An exact restatement of the data is required, with the images omitted.

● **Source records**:
------------------------------------

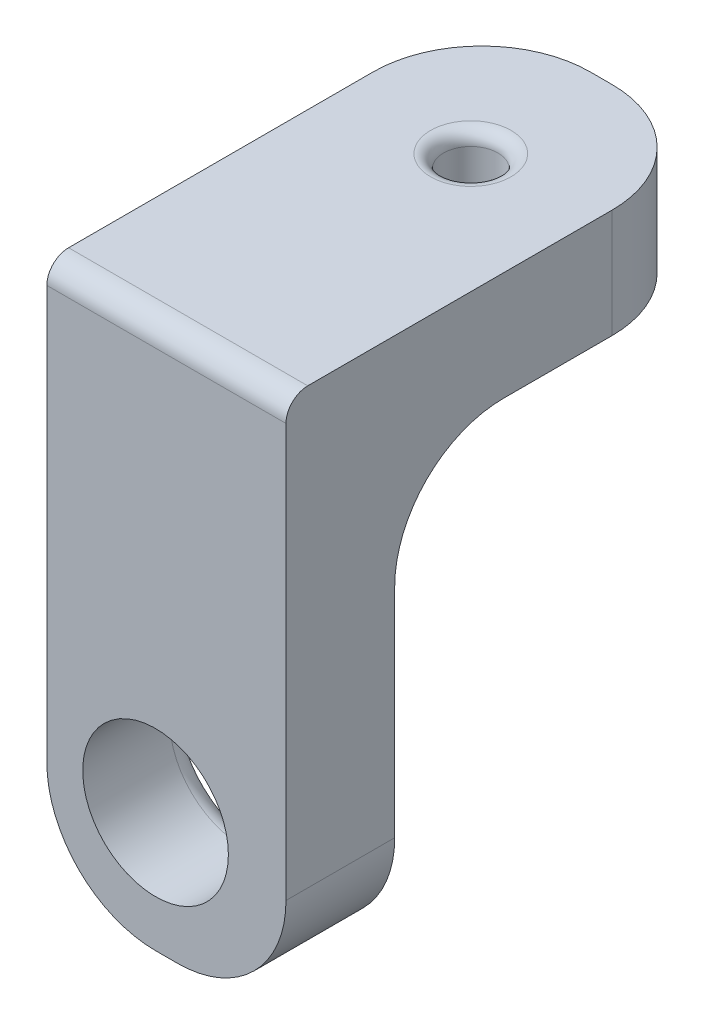
from build123d import *

# Parameters (mm, degrees)
SKETCH_1_W          = 11
SKETCH_1_H          = 20
SKETCH_1_R          = 3.35
EXTRUDE_1_DEPTH     = 5
SKETCH_2_W          = 11
SKETCH_2_H          = 20
EXTRUDE_2_DEPTH     = 5
FILLET_1_R          = 5
FILLET_2_R          = 1
FILLET_4_R          = 1
FILLET_8_R          = 5
FILLET_9_R          = 5
CUT_EXTRUDE_3_DEPTH = 2
SKETCH_9_R          = 1.25
CUT_EXTRUDE_4_DEPTH = 3
FILLET_10_R         = 0.6


with BuildPart() as part:
    # Эскиз1 → Бобышка-Вытянуть1 (new body)
    with BuildSketch(Plane.XY):
        with Locations((0.5, 4.5)):
            Rectangle(SKETCH_1_W, SKETCH_1_H)
        Circle(SKETCH_1_R, mode=Mode.SUBTRACT)
    extrude(amount=EXTRUDE_1_DEPTH)

    # Эскиз2 → Бобышка-Вытянуть2 (add)
    with BuildSketch(Plane(origin=(0, 14.5, 0), x_dir=(1, 0, 0), z_dir=(0, 1, 0))):
        with Locations((0.5, 5)):
            Rectangle(SKETCH_2_W, SKETCH_2_H)
    extrude(amount=EXTRUDE_2_DEPTH)

    # Скругление1
    fillet_1_edges = [part.edges().sort_by_distance(p)[0] for p in [
        (0.5, 14.5, 0),
    ]]
    fillet(fillet_1_edges, radius=FILLET_1_R)

    # Скругление2
    fillet_2_edges = [part.edges().sort_by_distance(p)[0] for p in [
        (-3.35, 0, 0),
    ]]
    fillet(fillet_2_edges, radius=FILLET_2_R)

    # Скругление4
    fillet_4_edges = [part.edges().sort_by_distance(p)[0] for p in [
        (0.5, 19.5, 5),
    ]]
    fillet(fillet_4_edges, radius=FILLET_4_R)

    # Скругление8
    fillet_8_edges = [part.edges().sort_by_distance(p)[0] for p in [
        (6, -5.5, 2.5),
        (-5, -5.5, 2.5),
    ]]
    fillet(fillet_8_edges, radius=FILLET_8_R)

    # Скругление9
    fillet_9_edges = [part.edges().sort_by_distance(p)[0] for p in [
        (-5, 17, -15),
        (6, 17, -15),
    ]]
    fillet(fillet_9_edges, radius=FILLET_9_R)

    # Эскиз8 → Вырез-Вытянуть3 (cut)
    with BuildSketch(Plane.XZ.offset(-14.5)):
        Polygon((2.809401077, -9), (1.654700538, -7), (-0.654700538, -7), (-1.809401077, -9), (-0.654700538, -11), (1.654700538, -11), align=None)
    extrude(amount=-CUT_EXTRUDE_3_DEPTH, mode=Mode.SUBTRACT)

    # Эскиз9 → Вырез-Вытянуть4 (cut)
    with BuildSketch(Plane.XZ.offset(-16.5)):
        with Locations(Location((0.5, -9, 0), (0, 0, 270))):
            Circle(SKETCH_9_R)
    extrude(amount=-CUT_EXTRUDE_4_DEPTH, mode=Mode.SUBTRACT)

    # Скругление10
    fillet_10_edges = [part.edges().sort_by_distance(p)[0] for p in [
        (0.5, 19.5, -7.75),
    ]]
    fillet(fillet_10_edges, radius=FILLET_10_R)


solid = part.part
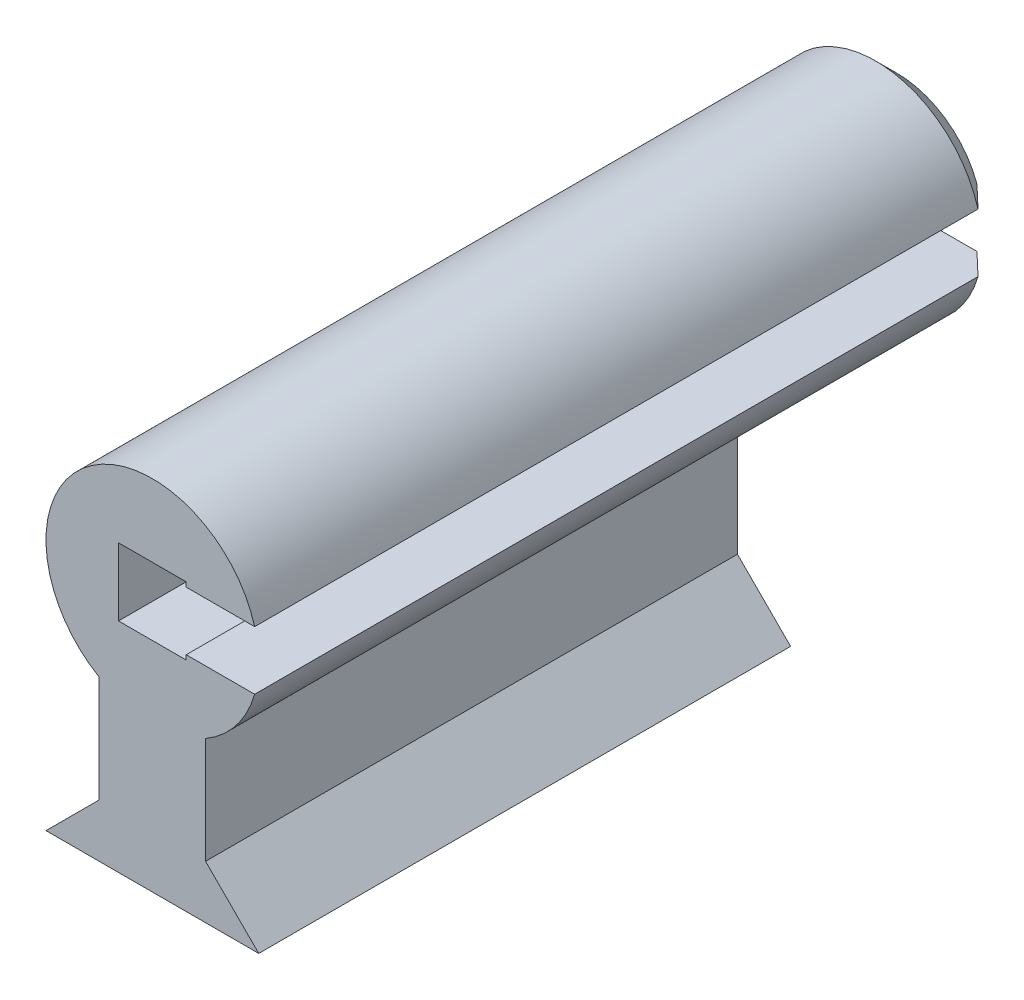
from build123d import *

# Parameters (mm, degrees)
BOSS_EXTRU_1_DEPTH      = 60
BOSS_EXTRU_1_DEPTH_BACK = 10
BOSS_EXTRU_2_START      = -50
BOSS_EXTRU_2_DEPTH      = 50
CHANFREIN1_SIZE         = 2


with BuildPart() as part:
    # Esquisse1 → Boss.-Extru.1 (new, two sides: drawn at the far end of the back side and taken through both)
    with BuildSketch(Plane.XY.offset(-BOSS_EXTRU_1_DEPTH_BACK)):
        with BuildLine():
            Line((3.181980515, 2.75), (3.181980515, 3.181980515))
            Line((3.181980515, 3.181980515), (-3.181980515, 3.181980515))
            Line((-3.181980515, 3.181980515), (-3.181980515, -3.181980515))
            Line((-3.181980515, -3.181980515), (3.181980515, -3.181980515))
            Line((3.181980515, -3.181980515), (3.181980515, -2.75))
            Line((3.181980515, -2.75), (9.614442262, -2.75))
            ThreePointArc((9.614442262, -2.75), (-10, 0), (9.614442262, 2.75))
            Line((9.614442262, 2.75), (3.181980515, 2.75))
        make_face()
    extrude(amount=BOSS_EXTRU_1_DEPTH + BOSS_EXTRU_1_DEPTH_BACK)

    # Esquisse3 → Boss.-Extru.2 (add)
    with BuildSketch(Plane.XY.offset(60).offset(BOSS_EXTRU_2_START)):
        with BuildLine():
            Line((5, -8.660254038), (5, -18.660254038))
            Line((5, -18.660254038), (10, -23.660254038))
            Line((10, -23.660254038), (-10, -23.660254038))
            Line((-10, -23.660254038), (-5, -18.660254038))
            Line((-5, -18.660254038), (-5, -8.660254038))
            ThreePointArc((-5, -8.660254038), (0, -10), (5, -8.660254038))
        make_face()
    extrude(amount=BOSS_EXTRU_2_DEPTH)

    # Chanfrein1
    chanfrein1_edges = [part.edges().sort_by_distance(p)[0] for p in [
        (-10, 0, -10),
    ]]
    chamfer(chanfrein1_edges, length=CHANFREIN1_SIZE)


solid = part.part

------------------------------------

● **Response for this exercise**:
from build123d import *

# Parameters (mm, degrees)
SKETCH_1_W          = 11
SKETCH_1_H          = 20
SKETCH_1_R          = 3.35
EXTRUDE_1_DEPTH     = 5
SKETCH_2_W          = 11
SKETCH_2_H          = 20
EXTRUDE_2_DEPTH     = 5
FILLET_1_R          = 5
FILLET_2_R          = 1
FILLET_4_R          = 1
FILLET_8_R          = 5
FILLET_9_R          = 5
CUT_EXTRUDE_3_DEPTH = 2
SKETCH_9_R          = 1.25
CUT_EXTRUDE_4_DEPTH = 3
FILLET_10_R         = 0.6


with BuildPart() as part:
    # Эскиз1 → Бобышка-Вытянуть1 (new body)
    with BuildSketch(Plane.XY):
        with Locations((0.5, 4.5)):
            Rectangle(SKETCH_1_W, SKETCH_1_H)
        Circle(SKETCH_1_R, mode=Mode.SUBTRACT)
    extrude(amount=EXTRUDE_1_DEPTH)

    # Эскиз2 → Бобышка-Вытянуть2 (add)
    with BuildSketch(Plane(origin=(0, 14.5, 0), x_dir=(1, 0, 0), z_dir=(0, 1, 0))):
        with Locations((0.5, 5)):
            Rectangle(SKETCH_2_W, SKETCH_2_H)
    extrude(amount=EXTRUDE_2_DEPTH)

    # Скругление1
    fillet_1_edges = [part.edges().sort_by_distance(p)[0] for p in [
        (0.5, 14.5, 0),
    ]]
    fillet(fillet_1_edges, radius=FILLET_1_R)

    # Скругление2
    fillet_2_edges = [part.edges().sort_by_distance(p)[0] for p in [
        (-3.35, 0, 0),
    ]]
    fillet(fillet_2_edges, radius=FILLET_2_R)

    # Скругление4
    fillet_4_edges = [part.edges().sort_by_distance(p)[0] for p in [
        (0.5, 19.5, 5),
    ]]
    fillet(fillet_4_edges, radius=FILLET_4_R)

    # Скругление8
    fillet_8_edges = [part.edges().sort_by_distance(p)[0] for p in [
        (6, -5.5, 2.5),
        (-5, -5.5, 2.5),
    ]]
    fillet(fillet_8_edges, radius=FILLET_8_R)

    # Скругление9
    fillet_9_edges = [part.edges().sort_by_distance(p)[0] for p in [
        (-5, 17, -15),
        (6, 17, -15),
    ]]
    fillet(fillet_9_edges, radius=FILLET_9_R)

    # Эскиз8 → Вырез-Вытянуть3 (cut)
    with BuildSketch(Plane.XZ.offset(-14.5)):
        Polygon((2.809401077, -9), (1.654700538, -7), (-0.654700538, -7), (-1.809401077, -9), (-0.654700538, -11), (1.654700538, -11), align=None)
    extrude(amount=-CUT_EXTRUDE_3_DEPTH, mode=Mode.SUBTRACT)

    # Эскиз9 → Вырез-Вытянуть4 (cut)
    with BuildSketch(Plane.XZ.offset(-16.5)):
        with Locations(Location((0.5, -9, 0), (0, 0, 270))):
            Circle(SKETCH_9_R)
    extrude(amount=-CUT_EXTRUDE_4_DEPTH, mode=Mode.SUBTRACT)

    # Скругление10
    fillet_10_edges = [part.edges().sort_by_distance(p)[0] for p in [
        (0.5, 19.5, -7.75),
    ]]
    fillet(fillet_10_edges, radius=FILLET_10_R)


solid = part.part
from build123d import *

# Parameters (mm, degrees)
BOSS_EXTRU_1_DEPTH      = 60
BOSS_EXTRU_1_DEPTH_BACK = 10
BOSS_EXTRU_2_START      = -50
BOSS_EXTRU_2_DEPTH      = 50
CHANFREIN1_SIZE         = 2


with BuildPart() as part:
    # Esquisse1 → Boss.-Extru.1 (new, two sides: drawn at the far end of the back side and taken through both)
    with BuildSketch(Plane.XY.offset(-BOSS_EXTRU_1_DEPTH_BACK)):
        with BuildLine():
            Line((3.181980515, 2.75), (3.181980515, 3.181980515))
            Line((3.181980515, 3.181980515), (-3.181980515, 3.181980515))
            Line((-3.181980515, 3.181980515), (-3.181980515, -3.181980515))
            Line((-3.181980515, -3.181980515), (3.181980515, -3.181980515))
            Line((3.181980515, -3.181980515), (3.181980515, -2.75))
            Line((3.181980515, -2.75), (9.614442262, -2.75))
            ThreePointArc((9.614442262, -2.75), (-10, 0), (9.614442262, 2.75))
            Line((9.614442262, 2.75), (3.181980515, 2.75))
        make_face()
    extrude(amount=BOSS_EXTRU_1_DEPTH + BOSS_EXTRU_1_DEPTH_BACK)

    # Esquisse3 → Boss.-Extru.2 (add)
    with BuildSketch(Plane.XY.offset(60).offset(BOSS_EXTRU_2_START)):
        with BuildLine():
            Line((5, -8.660254038), (5, -18.660254038))
            Line((5, -18.660254038), (10, -23.660254038))
            Line((10, -23.660254038), (-10, -23.660254038))
            Line((-10, -23.660254038), (-5, -18.660254038))
            Line((-5, -18.660254038), (-5, -8.660254038))
            ThreePointArc((-5, -8.660254038), (0, -10), (5, -8.660254038))
        make_face()
    extrude(amount=BOSS_EXTRU_2_DEPTH)

    # Chanfrein1
    chanfrein1_edges = [part.edges().sort_by_distance(p)[0] for p in [
        (-10, 0, -10),
    ]]
    chamfer(chanfrein1_edges, length=CHANFREIN1_SIZE)


solid = part.part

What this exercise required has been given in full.